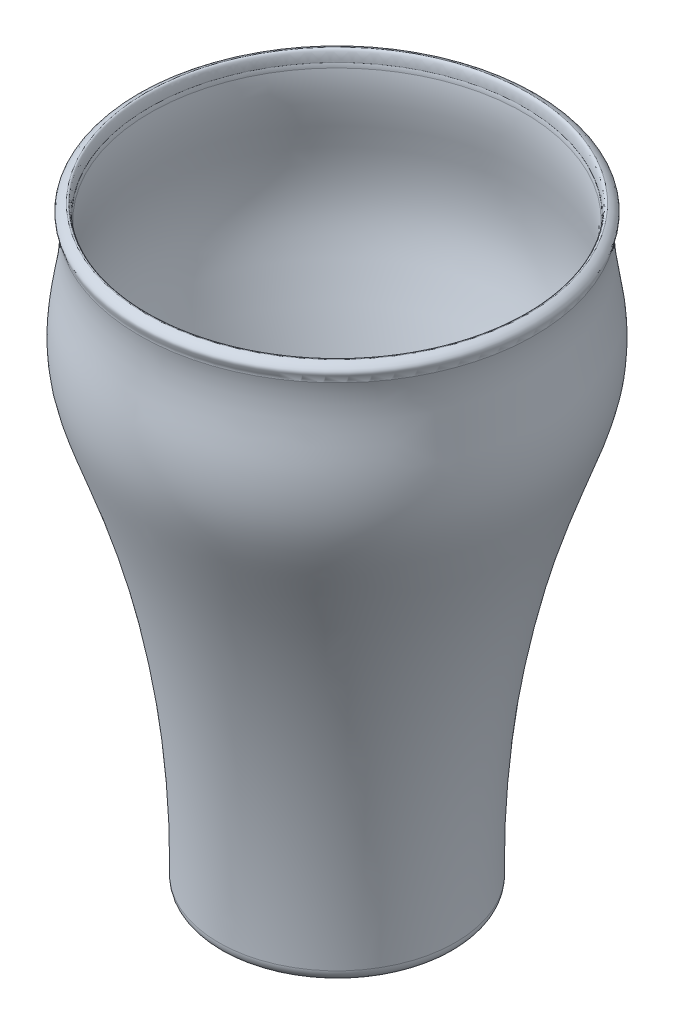
from build123d import *

# Parameters (mm, degrees)
FILLET1_R = 2.54
FILLET2_R = 2.54


with BuildPart() as part:
    # Sketch2 → Revolve1 (revolve)
    with BuildSketch(Plane.XY):
        with BuildLine():
            Line((-25.40708286, -56.962721203), (0, -56.962721203))
            Line((0, -56.962721203), (0, -54.689421203))
            Line((0, -54.689421203), (-2.2733, -54.689421203))
            Line((-2.2733, -54.689421203), (-23.096843174, -54.689421203))
            add(Edge.make_bspline(
                [(-40.011466118, 66.827486807), (-39.892609453, 66.115369341), (-39.734285644, 64.664702424), (-39.695586841, 61.847294194), (-40.165710855, 57.055854379), (-41.187764333, 52.048129172), (-41.649914027, 47.172076733), (-41.672692613, 43.49645079), (-41.324964806, 39.917518025), (-40.302545165, 35.210106246), (-38.21994674, 29.231854528), (-35.55783051, 21.930169756), (-33.063765776, 14.572130603), (-30.118090667, 4.593275441), (-27.138534071, -8.08213544), (-24.664040822, -23.53049359), (-23.267146809, -39.111739175), (-23.038801881, -49.49560103), (-23.096843174, -54.689421203)],
                knots=[0.001517313, 0.001517313, 0.001517313, 0.001517313, 0.016832761, 0.032148209, 0.062779106, 0.124040899, 0.154671795, 0.185302691, 0.215933588, 0.246564484, 0.307826277, 0.36908807, 0.430349863, 0.491611656, 0.614135242, 0.736658828, 0.859182413, 0.981705999, 0.981705999, 0.981705999, 0.981705999], degree=3))
            add(Edge.make_bspline(
                [(-40.161712897, 67.763978797), (-40.143235386, 67.698536297), (-40.110184851, 67.572053011), (-40.063524101, 67.348796279), (-40.027766705, 67.105802402), (-40.014203281, 66.918310744), (-40.011466118, 66.827486807)],
                knots=[0.882607163, 0.882607163, 0.882607163, 0.882607163, 0.905087451, 0.927567739, 0.950048027, 0.972528315, 0.972528315, 0.972528315, 0.972528315], degree=3))
            add(Edge.make_bspline(
                [(-40.161712897, 67.763978797), (-40.207860765, 67.571707559), (-40.107131029, 70.315751952), (-40.982771359, 70.037278797)],
                knots=[0, 0, 0, 0, 1, 1, 1, 1], degree=3))
            add(Edge.make_bspline(
                [(-40.982771359, 70.037278797), (-41.254090727, 69.950993186), (-42.056088349, 69.597301664), (-43.200594852, 68.443015921), (-42.23328971, 67.309077752), (-42.286452081, 66.642614038)],
                knots=[0, 0, 0, 0, 0.262566933, 0.525656659, 1, 1, 1, 1], degree=3))
            add(Edge.make_bspline(
                [(-42.286452081, 66.642614038), (-41.785134146, 63.834319752), (-42.206541361, 58.426928392), (-43.97552502, 49.627897193), (-44.138098089, 39.061746927), (-40.010316103, 27.521804127), (-28.807269236, -3.417799297), (-24.892324559, -32.552242663), (-25.40708286, -56.962721203)],
                knots=[0, 0, 0, 0, 0.067526005, 0.127886177, 0.21432733, 0.314756995, 0.41692523, 1, 1, 1, 1], degree=3))
        make_face()
    revolve(axis=Axis((0, 70.037278797, 0), (0, -1, 0)))

    # Fillet1
    fillet1_edges = [part.edges().sort_by_distance(p)[0] for p in [
        (23.096843174, -54.689421203, 0),
    ]]
    fillet(fillet1_edges, radius=FILLET1_R)

    # Fillet2
    fillet2_edges = [part.edges().sort_by_distance(p)[0] for p in [
        (25.40708286, -56.962721203, 0),
    ]]
    fillet(fillet2_edges, radius=FILLET2_R)


solid = part.part

_PROBLEM REQUIREMENTS_
Check every line of the records, and copy the ones that hold the word "revolve".

_EXERCISE OUTPUT_
    # Sketch2 → Revolve1 (revolve)
    revolve(axis=Axis((0, 70.037278797, 0), (0, -1, 0)))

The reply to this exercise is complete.